CPU (FPU) is the one to use for CPU stress testing. 15mins should be good enough, or 2hours is the full length test.

It also has a built in RAM tester that seems to be pretty good as well.

SuperPi(Mod)
More of a benchmarking tool than a stability test, but the 32MB test can give a good indication of overall stability and tests both RAM and the CPU. For dual cores you must install the program twice into separate folders and run .

Select Calculate in the menu bar and then whatever test you want to run in the drop down menu.

3dMark
Graphics benchmarks that also stress the CPU and RAM so can be used as good overall system stability tests. 3dMark is also sensitive to things like driver issues and of course GPU overclocks so it's a good idea to run these before you start chaning things to make sure that any issues are ironed out first.

Memtest86
Memtest86 is a RAM tester that runs off a bootable floppy/CD. Some tests (tests 5 and 8 I think) are thought to be more likely to fail than others and also which test it fails on should give an idea apparently what setting to change to make it stable. 20 loops is enough in my opinion.

Either way, lately I've found Prime Blend to fail within seconds due to RAM when Memtest has ran for several loops without finding a single error.

What is a Stable System?
In my opinion a stable system is one that doesn't crash/error when using whatever programs the user uses. Many will argue that it's only stable if it doesn't crash no matter what you throw at it, but if you're not ever going to be fully stressing the system why bother spending days ensuring it?

Either way, you can only prove a systems instability and your mileage may vary.

Getting That Little Bit More

Improve Your Motherboard Cooling
Replacing the manufacturers supplied TIM on the northbridge and voltage regulators can help reduce their temperatures increasing stability at high frequencies. If you use conductive goop make sure you don't join any conductors.

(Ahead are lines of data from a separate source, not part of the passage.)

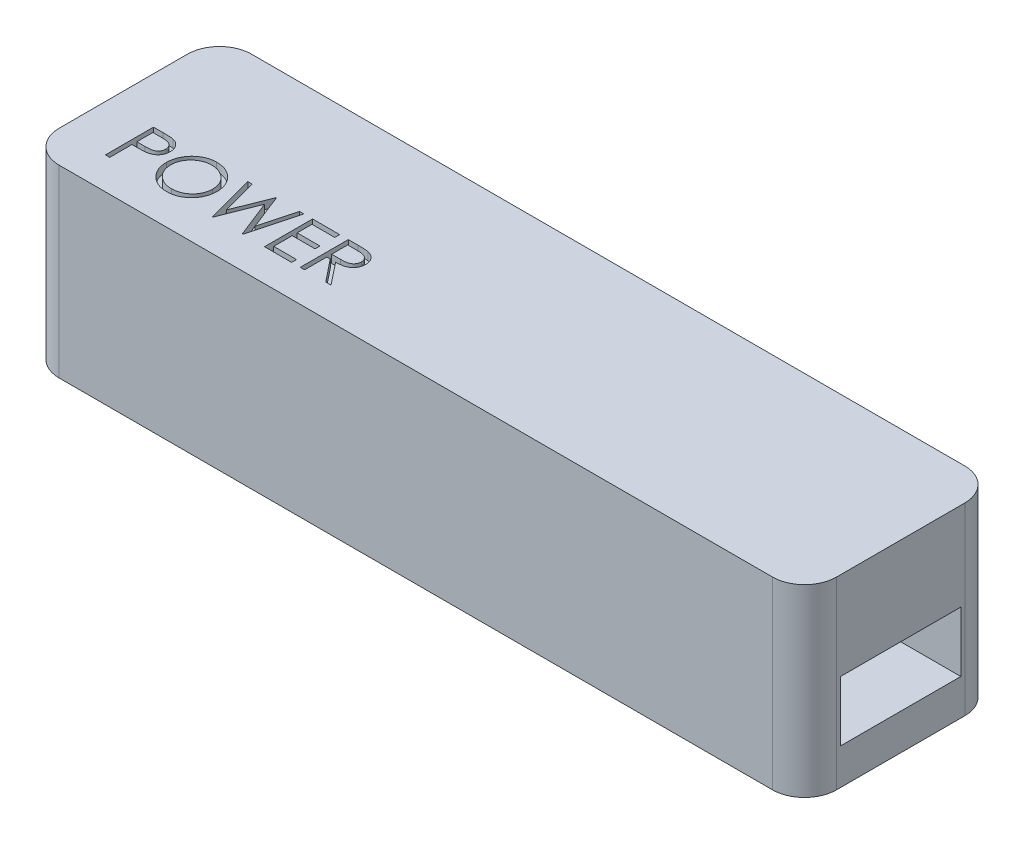
from build123d import *

# Parameters (mm, degrees)
BOSS_EXTRUDE1_DEPTH = 23
SKETCH2_W           = 15
SKETCH2_H           = 7.5
CUT_EXTRUDE1_DEPTH  = 10
CUT_EXTRUDE2_DEPTH  = 1


with BuildPart() as part:
    # Sketch1 → Boss-Extrude1 (new body)
    with BuildSketch(Plane(origin=(0, 0, 0), x_dir=(1, 0, 0), z_dir=(0, 1, 0))):
        with BuildLine():
            Line((44.5, -12), (-44.5, -12))
            ThreePointArc((-44.5, -12), (-47.328427125, -10.828427125), (-48.5, -8))
            Line((-48.5, -8), (-48.5, 8))
            ThreePointArc((-48.5, 8), (-47.328427125, 10.828427125), (-44.5, 12))
            Line((-44.5, 12), (44.5, 12))
            ThreePointArc((44.5, 12), (47.328427125, 10.828427125), (48.5, 8))
            Line((48.5, 8), (48.5, -8))
            ThreePointArc((48.5, -8), (47.328427125, -10.828427125), (44.5, -12))
        make_face()
    extrude(amount=BOSS_EXTRUDE1_DEPTH)

    # Sketch2 → Cut-Extrude1 (cut)
    with BuildSketch(Plane(origin=(48.5, 0, 0), x_dir=(0, 0, -1), z_dir=(1, 0, 0))):
        with Locations((0, 8.25)):
            Rectangle(SKETCH2_W, SKETCH2_H)
    extrude(amount=-CUT_EXTRUDE1_DEPTH, mode=Mode.SUBTRACT)

    # Sketch3 → Cut-Extrude2 (cut)
    # profile 1 of 5: a face of its own
    with BuildSketch(Plane(origin=(0, 23, 0), x_dir=(1, 0, 0), z_dir=(0, 1, 0))):
        with BuildLine():
            Line((-42.730769231, -2), (-41.554086538, -2))
            add(Edge.make_bspline(
                [(-41.554086538, -2), (-41.473153556, -2.000088965), (-41.318082369, -2.000259426), (-41.095713702, -2.005427562), (-40.893754162, -2.012330462), (-40.712639223, -2.021899422), (-40.551811627, -2.033207862), (-40.411999113, -2.049068501), (-40.292102731, -2.065629008), (-40.220263103, -2.082465705), (-40.1875, -2.090144231)],
                knots=[0, 0, 0, 0, 1.415646017, 2.712440637, 3.8905458, 4.950247383, 5.884950622, 6.709939814, 7.411656543, 8, 8, 8, 8], degree=3))
            add(Edge.make_bspline(
                [(-40.1875, -2.090144231), (-40.146025371, -2.101496145), (-40.06405341, -2.123932479), (-39.945937336, -2.168870291), (-39.833559315, -2.222154003), (-39.726533786, -2.282880757), (-39.62617593, -2.353656009), (-39.530988431, -2.431610783), (-39.441811322, -2.5185449), (-39.359146078, -2.613483311), (-39.283229283, -2.714832243), (-39.217864112, -2.824104637), (-39.163131723, -2.939461157), (-39.116188972, -3.060821565), (-39.08240305, -3.189204976), (-39.056951222, -3.32371934), (-39.040796432, -3.464350238), (-39.039249183, -3.560452868), (-39.038461538, -3.609375)],
                knots=[0, 0, 0, 0, 0.999701418, 1.975846123, 2.934577507, 3.890451536, 4.834027766, 5.787354733, 6.749476667, 7.726910423, 8.712836071, 9.690891519, 10.682875813, 11.679750201, 12.712814741, 13.765529915, 14.8625177, 16, 16, 16, 16], degree=3))
            add(Edge.make_bspline(
                [(-39.038461538, -3.609375), (-39.039183981, -3.658708332), (-39.040597488, -3.755232327), (-39.057562549, -3.896442821), (-39.080414306, -4.031388633), (-39.11555211, -4.159770548), (-39.161573264, -4.280826154), (-39.21555964, -4.396405409), (-39.280674263, -4.50454199), (-39.355493972, -4.605628477), (-39.438725276, -4.699759755), (-39.530016027, -4.786253688), (-39.628997672, -4.864603983), (-39.73535564, -4.934986286), (-39.850126809, -4.99576848), (-39.971570501, -5.050209574), (-40.100742301, -5.095931392), (-40.190129467, -5.119982926), (-40.235576923, -5.132211538)],
                knots=[0, 0, 0, 0, 1.121902311, 2.195077645, 3.232258892, 4.234102512, 5.217864754, 6.176164875, 7.132989551, 8.084763148, 9.034132444, 9.988522005, 10.94243251, 11.903244335, 12.886203696, 13.894208494, 14.929344452, 16, 16, 16, 16], degree=3))
            add(Edge.make_bspline(
                [(-40.235576923, -5.132211538), (-40.273166638, -5.14020522), (-40.355546685, -5.157723839), (-40.491219923, -5.177281193), (-40.649183442, -5.193974223), (-40.829221636, -5.206490459), (-41.031172902, -5.217205376), (-41.255146486, -5.225722109), (-41.501582047, -5.230401858), (-41.673475608, -5.230643217), (-41.763221154, -5.230769231)],
                knots=[0, 0, 0, 0, 0.601384939, 1.31797006, 2.144135048, 3.087295005, 4.142315834, 5.309527816, 6.595305764, 8, 8, 8, 8], degree=3))
            Line((-41.763221154, -5.230769231), (-42.192307692, -5.230769231))
            Line((-42.192307692, -5.230769231), (-42.192307692, -8))
            Line((-42.192307692, -8), (-42.730769231, -8))
            Line((-42.730769231, -8), (-42.730769231, -2))
        make_face()
        with BuildLine():
            Line((-42.192307692, -2.615384615), (-42.192307692, -4.615384615))
            Line((-42.192307692, -4.615384615), (-41.141826923, -4.628605769))
            add(Edge.make_bspline(
                [(-41.141826923, -4.628605769), (-41.090535622, -4.628632278), (-40.991518822, -4.628683453), (-40.848485296, -4.621851642), (-40.715783661, -4.613965014), (-40.593821532, -4.602417717), (-40.48254393, -4.586095561), (-40.381765309, -4.569618296), (-40.29226711, -4.545780532), (-40.187525621, -4.513683842), (-40.070811311, -4.458942215), (-39.94383837, -4.379485261), (-39.836231651, -4.278204047), (-39.743114571, -4.164327764), (-39.66921878, -4.037643542), (-39.615122793, -3.902096794), (-39.583337952, -3.759077623), (-39.579075906, -3.661212242), (-39.576923077, -3.611778846)],
                knots=[0, 0, 0, 0, 1.160613943, 2.240541288, 3.23993089, 4.169200891, 5.011653406, 5.7853311, 6.478053781, 7.106038997, 8.262395093, 9.384106736, 10.481365981, 11.59014053, 12.70357646, 13.786202915, 14.881775077, 16, 16, 16, 16], degree=3))
            add(Edge.make_bspline(
                [(-39.576923077, -3.611778846), (-39.579087614, -3.563541395), (-39.583390445, -3.467651311), (-39.615371925, -3.327116293), (-39.669113606, -3.192997942), (-39.743610625, -3.067901225), (-39.834023991, -2.954434703), (-39.939108579, -2.8558682), (-40.058617027, -2.776630995), (-40.169785423, -2.725488227), (-40.268530313, -2.69426204), (-40.354299387, -2.672413742), (-40.451140543, -2.654969846), (-40.559085308, -2.640844984), (-40.677297024, -2.628753336), (-40.806791278, -2.620548804), (-40.947077523, -2.615746307), (-41.044467073, -2.615508098), (-41.094951923, -2.615384615)],
                knots=[0, 0, 0, 0, 1.120700087, 2.227813068, 3.331159281, 4.466773991, 5.599788987, 6.693661531, 7.80175334, 8.91857717, 9.525282508, 10.207424825, 10.974604443, 11.810962634, 12.737642355, 13.736264703, 14.826523623, 16, 16, 16, 16], degree=3))
            Line((-41.094951923, -2.615384615), (-42.192307692, -2.615384615))
        make_face(mode=Mode.SUBTRACT)
    # profile 2 of 5: a face of its own
    with BuildSketch(Plane(origin=(0, 23, 0), x_dir=(1, 0, 0), z_dir=(0, 1, 0))):
        with BuildLine():
            add(Edge.make_bspline(
                [(-35, -1.846153846), (-34.88890039, -1.848967811), (-34.670691589, -1.854494669), (-34.349991765, -1.896801704), (-34.043828744, -1.969993801), (-33.749708506, -2.0674732), (-33.471149118, -2.197509289), (-33.206053874, -2.354683829), (-32.955053518, -2.540643473), (-32.72153115, -2.753950719), (-32.507833521, -2.98603664), (-32.319560573, -3.233713057), (-32.161773784, -3.495482432), (-32.032198149, -3.770558142), (-31.930543389, -4.058318087), (-31.860396457, -4.360296377), (-31.8155882, -4.674536418), (-31.810349724, -4.888868186), (-31.807692308, -4.997596154)],
                knots=[0, 0, 0, 0, 1.065120563, 2.091984664, 3.0946048, 4.079830382, 5.057816894, 6.036188127, 7.030412546, 8.04752943, 9.064399622, 10.05169764, 11.02544977, 11.989514704, 12.962713494, 13.945757189, 14.957906945, 16, 16, 16, 16], degree=3))
            add(Edge.make_bspline(
                [(-31.807692308, -4.997596154), (-31.810349335, -5.105523205), (-31.815586643, -5.318259925), (-31.860447405, -5.63050583), (-31.930803405, -5.930661309), (-32.031254147, -6.218225286), (-32.16021211, -6.493501109), (-32.319049546, -6.755764459), (-32.506148764, -7.005101313), (-32.719074795, -7.238780168), (-32.951190867, -7.453061546), (-33.200157039, -7.639779619), (-33.460374158, -7.800449547), (-33.735190801, -7.928650131), (-34.020962293, -8.03111628), (-34.320246275, -8.100977931), (-34.631640368, -8.146041434), (-34.84399066, -8.151216033), (-34.951923077, -8.153846154)],
                knots=[0, 0, 0, 0, 1.043624062, 2.057103931, 3.04512605, 4.022047818, 4.998200453, 5.980619268, 6.982898556, 8.009068085, 9.034988726, 10.034168286, 11.015286542, 11.987931943, 12.962482838, 13.94673481, 14.956375938, 16, 16, 16, 16], degree=3))
            add(Edge.make_bspline(
                [(-34.951923077, -8.153846154), (-35.060650481, -8.151190062), (-35.274981137, -8.145954198), (-35.589616055, -8.10107179), (-35.891806473, -8.030886698), (-36.180688218, -7.930584807), (-36.456422383, -7.800955269), (-36.719548239, -7.642890619), (-36.969009634, -7.45533552), (-37.202738342, -7.242478535), (-37.41659411, -7.010755874), (-37.603038754, -6.76246858), (-37.761138949, -6.502487797), (-37.890333233, -6.230092041), (-37.992615163, -5.946598139), (-38.062394852, -5.650115035), (-38.107542198, -5.342333025), (-38.112744792, -5.132773771), (-38.115384615, -5.026442308)],
                knots=[0, 0, 0, 0, 1.053102029, 2.075944431, 3.073151272, 4.055350789, 5.033113405, 6.020478099, 7.024410459, 8.052272461, 9.079885166, 10.07527673, 11.055994387, 12.023226415, 12.992069828, 13.970394897, 14.97016774, 16, 16, 16, 16], degree=3))
            add(Edge.make_bspline(
                [(-38.115384615, -5.026442308), (-38.114468097, -4.955072018), (-38.112646624, -4.813231806), (-38.090718008, -4.602603349), (-38.058897949, -4.395362221), (-38.01329467, -4.192097739), (-37.953651812, -3.993307479), (-37.883276908, -3.797620457), (-37.797322888, -3.607019788), (-37.700156063, -3.420602545), (-37.591707249, -3.241274707), (-37.47192025, -3.07176685), (-37.345002475, -2.910656569), (-37.205865229, -2.762118849), (-37.05909418, -2.621832581), (-36.902308389, -2.491953637), (-36.736464541, -2.371310864), (-36.560849033, -2.262590279), (-36.379789134, -2.164260334), (-36.193143229, -2.079880018), (-36.003446249, -2.007458199), (-35.80980971, -1.948759641), (-35.612747815, -1.902419008), (-35.41183047, -1.870863544), (-35.207217739, -1.848878999), (-35.069369764, -1.847066139), (-35, -1.846153846)],
                knots=[0, 0, 0, 0, 1.037015668, 2.060948919, 3.074880161, 4.083647147, 5.086022904, 6.090072063, 7.104153813, 8.122640571, 9.144368836, 10.147691507, 11.138137339, 12.123020368, 13.103399296, 14.087645067, 15.080126199, 16.082011238, 17.087798457, 18.072939717, 19.057185487, 20.037253025, 21.01195951, 21.997135196, 22.992090687, 24, 24, 24, 24], degree=3))
        make_face()
        with BuildLine():
            add(Edge.make_bspline(
                [(-34.973557692, -2.461538462), (-35.030497064, -2.462232559), (-35.143831463, -2.463614119), (-35.31231924, -2.481812488), (-35.478591126, -2.507749441), (-35.642681462, -2.544746333), (-35.803903672, -2.595153281), (-35.963760543, -2.653166267), (-36.120794349, -2.723830993), (-36.274486677, -2.803669915), (-36.423483949, -2.892039494), (-36.564077151, -2.98970538), (-36.696630255, -3.094377187), (-36.820818712, -3.206299194), (-36.936277864, -3.326041369), (-37.04528021, -3.451788402), (-37.143456635, -3.587134501), (-37.23343191, -3.728409484), (-37.313948208, -3.875429338), (-37.385545959, -4.026646244), (-37.444112831, -4.183293707), (-37.491876904, -4.343672263), (-37.53147658, -4.507527908), (-37.556563307, -4.676103649), (-37.574961638, -4.848552413), (-37.57626423, -4.965092734), (-37.576923077, -5.024038462)],
                knots=[0, 0, 0, 0, 1.008559885, 2.007477868, 2.99961109, 3.989939068, 4.984837346, 5.991145699, 7.001802488, 8.033829008, 9.059044045, 10.069351652, 11.065060232, 12.050310815, 13.029377138, 14.011219647, 14.996725999, 15.989392538, 16.977580475, 17.965360261, 18.951710183, 19.937753436, 20.929683414, 21.935841486, 22.955955122, 24, 24, 24, 24], degree=3))
            add(Edge.make_bspline(
                [(-37.576923077, -5.024038462), (-37.574737599, -5.110716554), (-37.570438089, -5.281239178), (-37.53279654, -5.531127424), (-37.474816012, -5.771278772), (-37.389346241, -6.000379188), (-37.282459473, -6.220397959), (-37.150413376, -6.429383281), (-36.993969229, -6.627391637), (-36.816260326, -6.81304067), (-36.621992829, -6.98249062), (-36.415708149, -7.131227892), (-36.199616251, -7.257074034), (-35.973153618, -7.359597016), (-35.737529265, -7.440836566), (-35.491224892, -7.496514219), (-35.235881247, -7.533157857), (-35.061828695, -7.536676867), (-34.973557692, -7.538461538)],
                knots=[0, 0, 0, 0, 1.032063989, 2.030389145, 3.003944642, 3.970395727, 4.937377036, 5.913328081, 6.909231446, 7.93887556, 8.970685674, 9.976071282, 10.964166581, 11.944589148, 12.933237628, 13.927779006, 14.949070134, 16, 16, 16, 16], degree=3))
            add(Edge.make_bspline(
                [(-34.973557692, -7.538461538), (-34.914227118, -7.537646388), (-34.79655677, -7.5360297), (-34.621535875, -7.519746254), (-34.449668083, -7.493634478), (-34.28119446, -7.456039068), (-34.116306212, -7.408986715), (-33.954315121, -7.353087752), (-33.796946624, -7.283348546), (-33.642215473, -7.206294915), (-33.49410763, -7.118454645), (-33.352721003, -7.024103531), (-33.221619324, -6.919585895), (-33.097523773, -6.809326788), (-32.981590591, -6.691103049), (-32.874603761, -6.565068383), (-32.776923535, -6.430427256), (-32.686982426, -6.289366561), (-32.606748262, -6.141944413), (-32.536841235, -5.990179251), (-32.477533608, -5.834444778), (-32.429656171, -5.67451637), (-32.392138236, -5.510697772), (-32.366286945, -5.342769638), (-32.348203907, -5.171067908), (-32.346840918, -5.054935583), (-32.346153846, -4.996394231)],
                knots=[0, 0, 0, 0, 1.047197238, 2.076906641, 3.100256066, 4.114471768, 5.12198147, 6.126382909, 7.136867548, 8.15857795, 9.17633901, 10.174870724, 11.156907918, 12.133735059, 13.104061851, 14.077631395, 15.04955518, 16.038496417, 17.029181396, 18.010275684, 18.986308667, 19.968651475, 20.955262928, 21.950658345, 22.966943676, 24, 24, 24, 24], degree=3))
            add(Edge.make_bspline(
                [(-32.346153846, -4.996394231), (-32.346841468, -4.938253366), (-32.348205494, -4.822920252), (-32.366278307, -4.652415992), (-32.392165548, -4.485696201), (-32.429473048, -4.323415395), (-32.477559025, -4.16553221), (-32.536851592, -4.012194928), (-32.606769248, -3.862832308), (-32.687011918, -3.717813513), (-32.777210473, -3.578656819), (-32.875772033, -3.445624112), (-32.984398344, -3.321213698), (-33.099985815, -3.202354223), (-33.225421619, -3.091580698), (-33.360137551, -2.988856377), (-33.502498142, -2.891702192), (-33.653230545, -2.804058372), (-33.808791609, -2.723119687), (-33.968415537, -2.65377511), (-34.130293993, -2.594851477), (-34.294015329, -2.544593823), (-34.460957577, -2.507894342), (-34.629992713, -2.481789114), (-34.80088687, -2.463620453), (-34.915818104, -2.462234661), (-34.973557692, -2.461538462)],
                knots=[0, 0, 0, 0, 1.02996197, 2.043119294, 3.035359645, 4.018872909, 4.991431989, 5.957985074, 6.929999688, 7.912076566, 8.892894881, 9.867085534, 10.843653904, 11.817741046, 12.803660682, 13.806313499, 14.818574707, 15.856120519, 16.894564902, 17.924820532, 18.937903209, 19.946497019, 20.957711757, 21.963978472, 22.977135795, 24, 24, 24, 24], degree=3))
        make_face(mode=Mode.SUBTRACT)
    # profile 3 of 5: a face of its own
    with BuildSketch(Plane(origin=(0, 23, 0), x_dir=(1, 0, 0), z_dir=(0, 1, 0))):
        Polygon((-30.961538462, -2), (-30.405048077, -2), (-29.230769231, -6.400240385), (-27.484375, -2), (-27.40625, -2), (-25.692307692, -6.370192308), (-24.512019231, -2), (-23.961538462, -2), (-25.579326923, -8), (-25.65625, -8), (-27.461538462, -3.411057692), (-29.288461538, -8), (-29.365384615, -8), align=None)
    # profile 4 of 5: a face of its own
    with BuildSketch(Plane(origin=(0, 23, 0), x_dir=(1, 0, 0), z_dir=(0, 1, 0))):
        Polygon((-22.884615385, -2), (-19.5, -2), (-19.5, -2.615384615), (-22.346153846, -2.615384615), (-22.346153846, -4.461538462), (-19.5, -4.461538462), (-19.5, -5.076923077), (-22.346153846, -5.076923077), (-22.346153846, -7.384615385), (-19.5, -7.384615385), (-19.5, -8), (-22.884615385, -8), align=None)
    # profile 5 of 5: a face of its own
    with BuildSketch(Plane(origin=(0, 23, 0), x_dir=(1, 0, 0), z_dir=(0, 1, 0))):
        with BuildLine():
            Line((-18.423076923, -2), (-17.222355769, -2))
            add(Edge.make_bspline(
                [(-17.222355769, -2), (-17.14222812, -2.000266719), (-16.988374159, -2.000778849), (-16.767962838, -2.003634442), (-16.567687814, -2.011819052), (-16.387653804, -2.018862338), (-16.22786411, -2.031705666), (-16.087828754, -2.043981061), (-15.968192702, -2.060050194), (-15.895771242, -2.074973776), (-15.862980769, -2.081730769)],
                knots=[0, 0, 0, 0, 1.410062039, 2.707475311, 3.878576406, 4.937260626, 5.877586885, 6.699081471, 7.410979367, 8, 8, 8, 8], degree=3))
            add(Edge.make_bspline(
                [(-15.862980769, -2.081730769), (-15.819083699, -2.092576653), (-15.732226003, -2.114037048), (-15.607168747, -2.159396363), (-15.488001334, -2.211887148), (-15.375218779, -2.27353924), (-15.269385994, -2.344810291), (-15.169411747, -2.42446993), (-15.074842381, -2.512082282), (-14.989502443, -2.609856296), (-14.909035498, -2.71243317), (-14.841169281, -2.823353896), (-14.782666744, -2.939345086), (-14.736088715, -3.061586374), (-14.698583617, -3.188892268), (-14.672138636, -3.32241592), (-14.656279457, -3.46154902), (-14.654664847, -3.556448292), (-14.653846154, -3.604567308)],
                knots=[0, 0, 0, 0, 1.027469482, 2.033020251, 3.019912614, 3.986113645, 4.951240523, 5.91722682, 6.890402269, 7.87763091, 8.8651537, 9.85103654, 10.82876324, 11.815024772, 12.821070561, 13.842952187, 14.906261191, 16, 16, 16, 16], degree=3))
            add(Edge.make_bspline(
                [(-14.653846154, -3.604567308), (-14.656364436, -3.684513201), (-14.661278258, -3.840508346), (-14.707092721, -4.066898429), (-14.782138184, -4.278080111), (-14.885549536, -4.47378749), (-15.017240066, -4.650205739), (-15.175511136, -4.805160806), (-15.360451042, -4.934829227), (-15.532615583, -5.024748321), (-15.684697069, -5.082336164), (-15.809897033, -5.122855637), (-15.946468995, -5.154161863), (-16.093104426, -5.182207803), (-16.250413549, -5.203382136), (-16.418019331, -5.218890584), (-16.596041305, -5.228583239), (-16.718336853, -5.230026676), (-16.78125, -5.230769231)],
                knots=[0, 0, 0, 0, 1.260483769, 2.459530307, 3.627416485, 4.787058657, 5.939039949, 7.08810263, 8.267026773, 9.491475466, 10.141966685, 10.831826277, 11.566392101, 12.351337768, 13.187381173, 14.07005841, 15.007169909, 16, 16, 16, 16], degree=3))
            Line((-16.78125, -5.230769231), (-14.576923077, -8))
            Line((-14.576923077, -8), (-15.242788462, -8))
            Line((-15.242788462, -8), (-17.447115385, -5.230769231))
            Line((-17.447115385, -5.230769231), (-17.884615385, -5.230769231))
            Line((-17.884615385, -5.230769231), (-17.884615385, -8))
            Line((-17.884615385, -8), (-18.423076923, -8))
            Line((-18.423076923, -8), (-18.423076923, -2))
        make_face()
        with BuildLine():
            Line((-17.884615385, -2.615384615), (-17.884615385, -4.615384615))
            Line((-17.884615385, -4.615384615), (-16.786057692, -4.623798077))
            add(Edge.make_bspline(
                [(-16.786057692, -4.623798077), (-16.734766197, -4.623820768), (-16.635348671, -4.623864751), (-16.491518959, -4.617018277), (-16.357598768, -4.609229732), (-16.234100336, -4.597316568), (-16.120968492, -4.581963302), (-16.018259784, -4.562758186), (-15.925806552, -4.540383222), (-15.817980486, -4.505751863), (-15.697575004, -4.450884403), (-15.566721073, -4.371057834), (-15.455288494, -4.27065363), (-15.361143587, -4.155841991), (-15.285493133, -4.029608421), (-15.232158183, -3.893466074), (-15.198313996, -3.750851906), (-15.194322204, -3.652832293), (-15.192307692, -3.603365385)],
                knots=[0, 0, 0, 0, 1.146690395, 2.22261258, 3.21895312, 4.145990853, 4.996080663, 5.770904154, 6.481378293, 7.121626537, 8.300444488, 9.431385265, 10.535395872, 11.636531494, 12.74115979, 13.810798291, 14.895190096, 16, 16, 16, 16], degree=3))
            add(Edge.make_bspline(
                [(-15.192307692, -3.603365385), (-15.194368471, -3.555114115), (-15.198452183, -3.459497706), (-15.231792929, -3.319516146), (-15.288174726, -3.187401374), (-15.364155705, -3.063690828), (-15.456725685, -2.951395281), (-15.565270507, -2.855314447), (-15.68682227, -2.776029651), (-15.800430039, -2.725364998), (-15.901974403, -2.694302393), (-15.990139534, -2.672443255), (-16.089759211, -2.654881308), (-16.20131714, -2.640810347), (-16.324337078, -2.628716157), (-16.459441051, -2.62057025), (-16.605732675, -2.615746483), (-16.707127414, -2.615508045), (-16.759615385, -2.615384615)],
                knots=[0, 0, 0, 0, 1.101028733, 2.181837193, 3.264309656, 4.369019818, 5.486613113, 6.575447106, 7.666700264, 8.788928104, 9.402425223, 10.0903467, 10.862060571, 11.710948788, 12.657782767, 13.684531032, 14.801375019, 16, 16, 16, 16], degree=3))
            Line((-16.759615385, -2.615384615), (-17.884615385, -2.615384615))
        make_face(mode=Mode.SUBTRACT)
    extrude(amount=-CUT_EXTRUDE2_DEPTH, mode=Mode.SUBTRACT)


solid = part.part

Remove Your Integrated Heat Spreader
Guide here, only applies to S939 A64 chips. Can lead to you damaging your CPU.

Voltage Modifications
Careful selection of your motherboard these days can mean you won't require to make any physical modifications to the MB to get the voltages you need. Volt mods require either to use a pencil to decrease the value of a resistor by rubbing on it with the tip leaving a layer of graphite or to solder resistors in place or in parallel to change the particular values of resistance on the board. I would advise that you do your own research before starting though.